Recall that a function $f\colon \mathbb{R} \to \mathbb{C}$ is said to be rapidly decreasing if $$\sup_{x \in \mathbb{R}} \big|x^k f(x)\big| < \infty \quad \text{for all} \quad k = 0, 1, 2\dotsc$$
In the textbook [1, Lesson 19] I find the following statement:
If $f \in \mathrm{C}^{\infty}(\mathbb{R})$ is rapidly decreasing, the same is true for $\widehat{f}$.
Is this really true? If every derivative of $f$ also have rapid decay, then the result follows from the invariance of the Fourier transform on the Schwartz space $\mathscr{S}(\mathbb{R})$, but this is not assumed here.
The most general results I know of are the following:
Proposition 1. The Fourier transform of a rapidly decreasing, locally integrable function ${f \in \mathrm{L}_{\mathrm{loc}}^{1}(\mathbb{R})}$ is in $\mathrm{C}^{\infty}(\mathbb{R})$. In particular, if $f \in \mathrm{C}^{\infty}(\mathbb{R})$ is rapidly decreasing, then ${\widehat{f} \in \mathrm{C}^{\infty}(\mathbb{R})}$.
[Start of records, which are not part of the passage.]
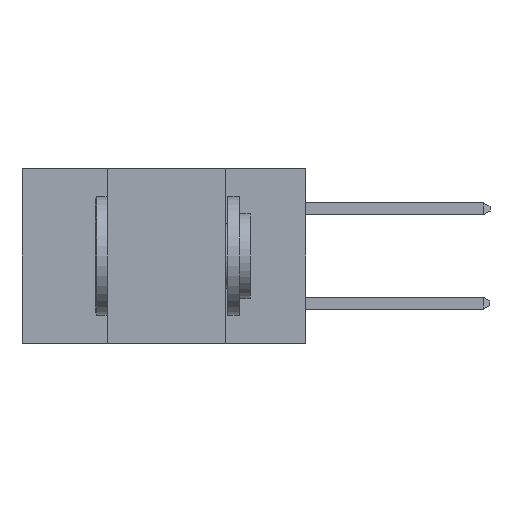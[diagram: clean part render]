
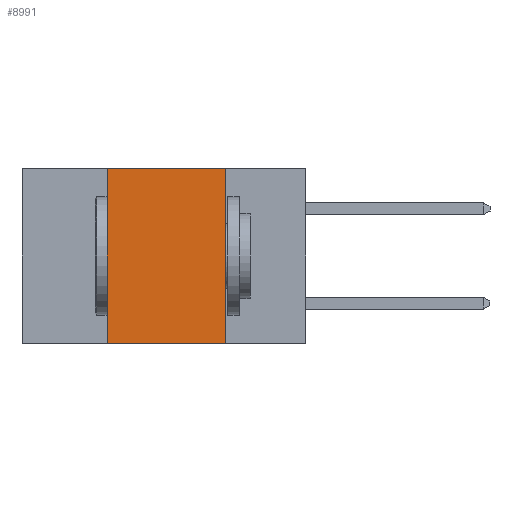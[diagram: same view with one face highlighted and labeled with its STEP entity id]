
A CAD part, left-side view. The second image highlights one B-rep face of the part: STEP entity #8991.
In plain terms, the highlighted planar face has unit normal (-1, 0, 0).
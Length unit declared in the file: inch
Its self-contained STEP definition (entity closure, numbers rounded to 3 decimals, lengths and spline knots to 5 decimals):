
#43 = ORIENTED_EDGE ( 'NONE', *, *, #7035, .F. ) ;
#65 = DIRECTION ( 'NONE',  ( 0., -1., 0. ) ) ;
#119 = CARTESIAN_POINT ( 'NONE',  ( 0., 0.17, 0. ) ) ;
#330 = CARTESIAN_POINT ( 'NONE',  ( 0., 0.42, -0.37 ) ) ;
#494 = DIRECTION ( 'NONE',  ( 0., 0., 1. ) ) ;
#562 = CARTESIAN_POINT ( 'NONE',  ( 0., 0.6, -0.37 ) ) ;
#597 = VERTEX_POINT ( 'NONE', #2044 ) ;
#1112 = ORIENTED_EDGE ( 'NONE', *, *, #3127, .T. ) ;
#1734 = CARTESIAN_POINT ( 'NONE',  ( 0., 0.6, 0. ) ) ;
#2044 = CARTESIAN_POINT ( 'NONE',  ( 0., 0.42, 0. ) ) ;
#2662 = VECTOR ( 'NONE', #3575, 39.37008 ) ;
#2765 = CARTESIAN_POINT ( 'NONE',  ( 0., 0.6, 0. ) ) ;
#2851 = DIRECTION ( 'NONE',  ( 0., 0., -1. ) ) ;
#3127 = EDGE_CURVE ( 'NONE', #5529, #7347, #7795, .T. ) ;
#3575 = DIRECTION ( 'NONE',  ( 0., 0., -1. ) ) ;
#3584 = CARTESIAN_POINT ( 'NONE',  ( 0., 0.17, 0. ) ) ;
#4106 = LINE ( 'NONE', #6668, #6084 ) ;
#5502 = LINE ( 'NONE', #119, #2662 ) ;
#5529 = VERTEX_POINT ( 'NONE', #330 ) ;
#5649 = VECTOR ( 'NONE', #65, 39.37008 ) ;
#5900 = VECTOR ( 'NONE', #6082, 39.37008 ) ;
#6082 = DIRECTION ( 'NONE',  ( 0., -1., 0. ) ) ;
#6084 = VECTOR ( 'NONE', #494, 39.37008 ) ;
#6243 = PLANE ( 'NONE',  #9142 ) ;
#6668 = CARTESIAN_POINT ( 'NONE',  ( 0., 0.42, 0. ) ) ;
#7035 = EDGE_CURVE ( 'NONE', #5529, #597, #4106, .T. ) ;
#7347 = VERTEX_POINT ( 'NONE', #10535 ) ;
#7476 = ORIENTED_EDGE ( 'NONE', *, *, #9902, .F. ) ;
#7795 = LINE ( 'NONE', #562, #5900 ) ;
#7802 = LINE ( 'NONE', #1734, #5649 ) ;
#7865 = DIRECTION ( 'NONE',  ( 1., 0., 0. ) ) ;
#8127 = EDGE_LOOP ( 'NONE', ( #9173, #7476, #43, #1112 ) ) ;
#8991 = ADVANCED_FACE ( 'NONE', ( #9643 ), #6243, .F. ) ;
#9142 = AXIS2_PLACEMENT_3D ( 'NONE', #2765, #7865, #2851 ) ;
#9173 = ORIENTED_EDGE ( 'NONE', *, *, #10595, .F. ) ;
#9643 = FACE_OUTER_BOUND ( 'NONE', #8127, .T. ) ;
#9902 = EDGE_CURVE ( 'NONE', #597, #9982, #7802, .T. ) ;
#9982 = VERTEX_POINT ( 'NONE', #3584 ) ;
#10535 = CARTESIAN_POINT ( 'NONE',  ( 0., 0.17, -0.37 ) ) ;
#10595 = EDGE_CURVE ( 'NONE', #9982, #7347, #5502, .T. ) ;
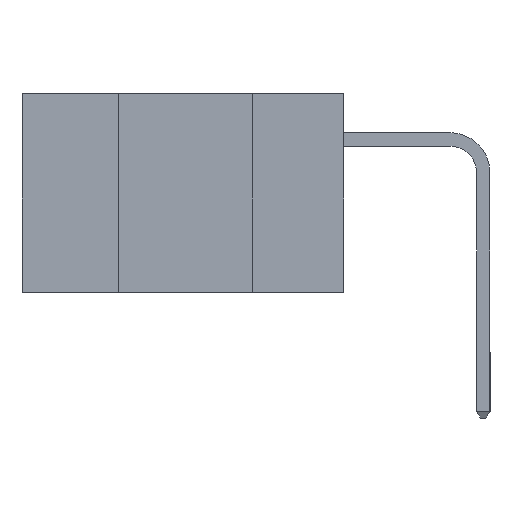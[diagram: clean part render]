
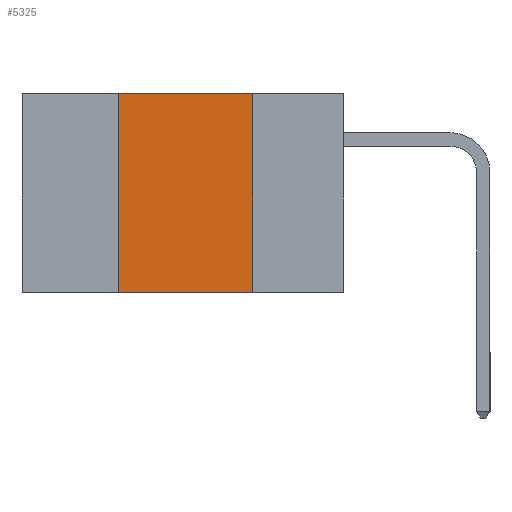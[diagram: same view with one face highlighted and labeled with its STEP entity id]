
A CAD part, left-side view. The second image highlights one B-rep face of the part: STEP entity #5325.
In plain terms, the highlighted planar face has unit normal (-1, 0, 0).
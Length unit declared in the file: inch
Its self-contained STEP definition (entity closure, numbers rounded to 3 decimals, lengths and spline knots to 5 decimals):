
#327 = VERTEX_POINT ( 'NONE', #6653 ) ;
#2565 = VECTOR ( 'NONE', #9101, 39.37008 ) ;
#2942 = ORIENTED_EDGE ( 'NONE', *, *, #3828, .F. ) ;
#2989 = CARTESIAN_POINT ( 'NONE',  ( 0., 0.6, 0. ) ) ;
#3334 = VERTEX_POINT ( 'NONE', #4736 ) ;
#3401 = DIRECTION ( 'NONE',  ( 0., -1., 0. ) ) ;
#3719 = ORIENTED_EDGE ( 'NONE', *, *, #9766, .T. ) ;
#3828 = EDGE_CURVE ( 'NONE', #14117, #4618, #9067, .T. ) ;
#4169 = CARTESIAN_POINT ( 'NONE',  ( 0., 0.17, 0. ) ) ;
#4618 = VERTEX_POINT ( 'NONE', #4738 ) ;
#4736 = CARTESIAN_POINT ( 'NONE',  ( 0., 0.42, 0. ) ) ;
#4738 = CARTESIAN_POINT ( 'NONE',  ( 0., 0.17, -0.37 ) ) ;
#4861 = ORIENTED_EDGE ( 'NONE', *, *, #11472, .F. ) ;
#5325 = ADVANCED_FACE ( 'NONE', ( #8763 ), #13465, .F. ) ;
#5735 = LINE ( 'NONE', #11550, #2565 ) ;
#6107 = ORIENTED_EDGE ( 'NONE', *, *, #9074, .F. ) ;
#6499 = DIRECTION ( 'NONE',  ( 1., 0., 0. ) ) ;
#6653 = CARTESIAN_POINT ( 'NONE',  ( 0., 0.42, -0.37 ) ) ;
#7387 = CARTESIAN_POINT ( 'NONE',  ( 0., 0.6, 0. ) ) ;
#7850 = VECTOR ( 'NONE', #14281, 39.37008 ) ;
#8763 = FACE_OUTER_BOUND ( 'NONE', #12789, .T. ) ;
#9067 = LINE ( 'NONE', #10303, #14818 ) ;
#9074 = EDGE_CURVE ( 'NONE', #3334, #14117, #9854, .T. ) ;
#9101 = DIRECTION ( 'NONE',  ( 0., 0., 1. ) ) ;
#9271 = LINE ( 'NONE', #11640, #11820 ) ;
#9766 = EDGE_CURVE ( 'NONE', #327, #4618, #9271, .T. ) ;
#9854 = LINE ( 'NONE', #7387, #7850 ) ;
#10303 = CARTESIAN_POINT ( 'NONE',  ( 0., 0.17, -0.37 ) ) ;
#11174 = DIRECTION ( 'NONE',  ( 0., 0., -1. ) ) ;
#11472 = EDGE_CURVE ( 'NONE', #327, #3334, #5735, .T. ) ;
#11550 = CARTESIAN_POINT ( 'NONE',  ( 0., 0.42, -0.37 ) ) ;
#11640 = CARTESIAN_POINT ( 'NONE',  ( 0., 0.6, -0.37 ) ) ;
#11820 = VECTOR ( 'NONE', #3401, 39.37008 ) ;
#12599 = DIRECTION ( 'NONE',  ( 0., 0., -1. ) ) ;
#12789 = EDGE_LOOP ( 'NONE', ( #2942, #6107, #4861, #3719 ) ) ;
#13185 = AXIS2_PLACEMENT_3D ( 'NONE', #2989, #6499, #11174 ) ;
#13465 = PLANE ( 'NONE',  #13185 ) ;
#14117 = VERTEX_POINT ( 'NONE', #4169 ) ;
#14281 = DIRECTION ( 'NONE',  ( 0., -1., 0. ) ) ;
#14818 = VECTOR ( 'NONE', #12599, 39.37008 ) ;

Proposition 2. Suppose that ${f \in \mathrm{C}^{\infty}(\mathbb{R}) \cap \mathrm{L}^{1}(\mathbb{R})}$ with all its derivatives ${f^{(k)}}$ in ${\mathrm{L}^{1}(\mathbb{R})}$ for ${k \in \mathbb{N}}$. Then the Fourier transform ${\widehat{f}}$ decays rapidly.
Rapid decay of the derivatives of $f$ would imply integrability of the derivatives, and hence that ${\widehat{f}}$ decays rapidly.
Source:
[1] C. Gasquet. P. Witomski. Fourier Analysis and Applications. Filtering, Numerical Computation, Wavelets.